U.S. Vs. Overseas Developers: Do Overseas Programmers Get a Bad Rap? - benAO90
https://www.codementor.io/blog/US-overseas-freelance-developers-2xmfoh77ab
======
ozfive
To be honest I just had an interaction with an overseas developer today and
had to explain that he needed to skip over a part of the documentation for an
API it was blatently obvious he didn't read the documentation from the get go.
I feel bad for these guys at the same time. I have a feeling when I visit
India in a few weeks and meet with these developers I'm going to see a sparse
office and these guys get paid shot.

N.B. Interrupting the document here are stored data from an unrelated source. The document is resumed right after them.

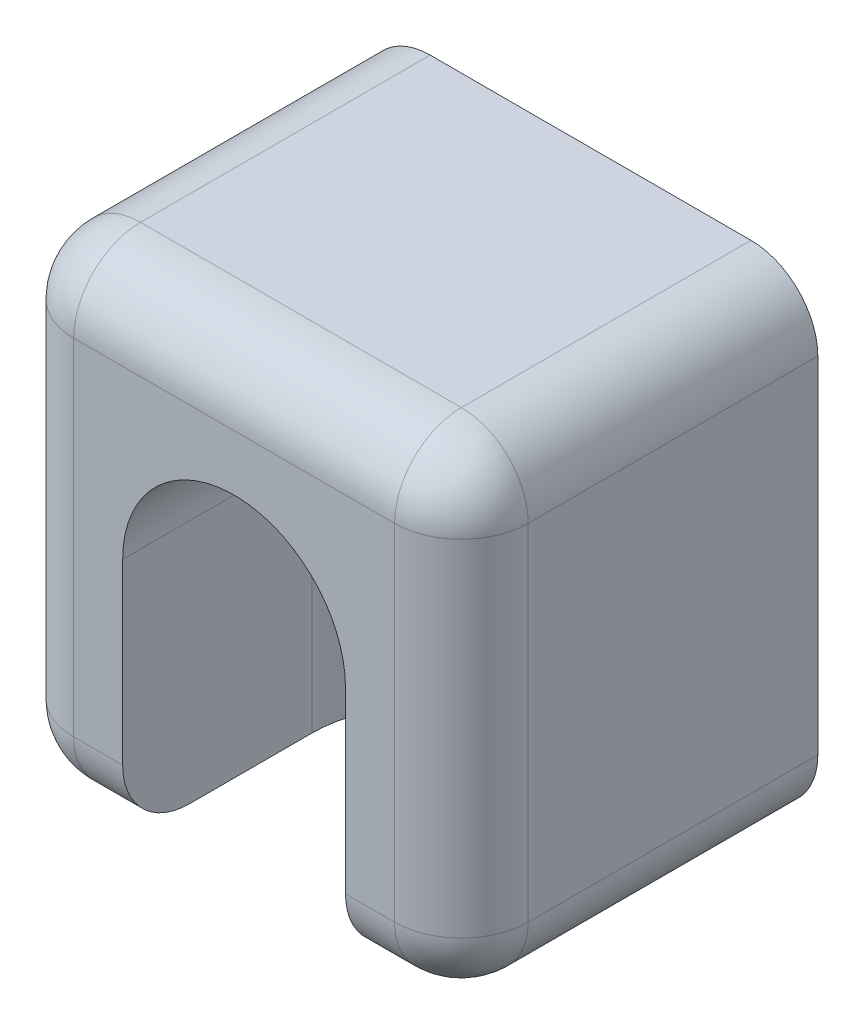
SolidWorks part; units mm, degrees
note: '?' marks a value the reader was unsure of.
ref_plane "Front Plane" through (0, 0, 0) normal (0, 0, 1) x (1, 0, 0)
ref_plane "Top Plane" through (0, 0, 0) normal (0, 1, 0) x (1, 0, 0)
ref_plane "Right Plane" through (0, 0, 0) normal (1, 0, 0) x (0, 0, -1)
ref_plane "Body alignment" through (0, 0, -6) normal (0, 0, 1) x (1, 0, 0)
ref_plane "Vertical center" through (10.2, 0, 0) normal (1, 0, 0) x (0, 0, -1)
ref_plane "Horizontal plane" through (0, 10.75, 0) normal (0, 1, 0) x (-1, 0, 0)
sketch "Sketch1" plane through (0, 0, 0) normal (0, 0, 1) x (1, 0, 0)
  line L1 (0, 0) -> (20.4, 0)
  line L2 (0, 0) -> (0, 21.5)
  line L3 (0, 21.5) -> (20.4, 21.5)
  line L4 (20.4, 0) -> (20.4, 21.5)
  dimension "D1" = 20.4
  dimension "D2" = 21.5
extrude "Extrude1" add sketch "Sketch1" against normal blind 16
fillet "Fillet8" radius 3 8 edges at (20.4, 10.75, 0) (10.2, 0, 0) (0, 10.75, 0) (10.2, 21.5, 0) (20.4, 0, -8) (20.4, 21.5, -8) (0, 21.5, -8) (0, 0, -8)
ref_axis "Center axis" through (10.2, 10.75, 0.8) along (0, 0, -1)?
sketch "Sketch2" plane through (10.2, 0, 0) normal (1, 0, 0) x (0, 0, -1)
  line L0 (0, 3) -> (0, 18.5) construction
  line L1 (-1, 16) -> (13.5, 16)
  line L2 (-1, 16) -> (-1, -1)
  line L3 (-1, -1) -> (13.5, -1)
  line L4 (13.5, 16) -> (13.5, -1)
  line L5 (16, 0) -> (3, 0) construction
  dimension "D1" = 1
  dimension "D2" = 1
  dimension "D3" = 17
  dimension "D4" = 14.5
extrude "Extrude2" cut sketch "Sketch2" against normal mid plane 10
fillet "Fillet9" radius 5 4 edges at (10.2, 16, 0) (5.2, 16, -6.75) (10.2, 16, -13.5) (15.2, 16, -6.75)
fillet "Fillet10" radius 5 4 edges at (10.2, 0, -13.5) (5.2, 5.5, -13.5) (15.2, 5.5, -13.5) (10.2, 16, -13.5)

It's frustrating to deal with this, but
at the same time the people are paid shot wages when their parent company is
taking in the millions You have to have the utmost compassion.

------
jmnicolas
According to their chart an average Pakistani dev is paid $7000 a month. They
probably charge that, but the guy might be lucky to get this salary in a year.

------
anotheryou
I think there are multiple problems that might cause bad reputation:

1) In many scenarios less control over hiring

2) The usual remote trouble: Not everyone is made for it, especially devs that
need a bit more guidance are difficult. Especially problematic in combination
with 1.

3) what is mentioned in the article (culture, language, timezones)

------
ionised
Is that graph saying that in western Europe developers get paid an average of
$10,000 a month, or $120,000 a year?

So average developer salary in western Europe is ~€105,000 and in the UK
~£90,000?

Does anyone here believe that? They would be the towards the higher ends of
salaries for devs in those countries.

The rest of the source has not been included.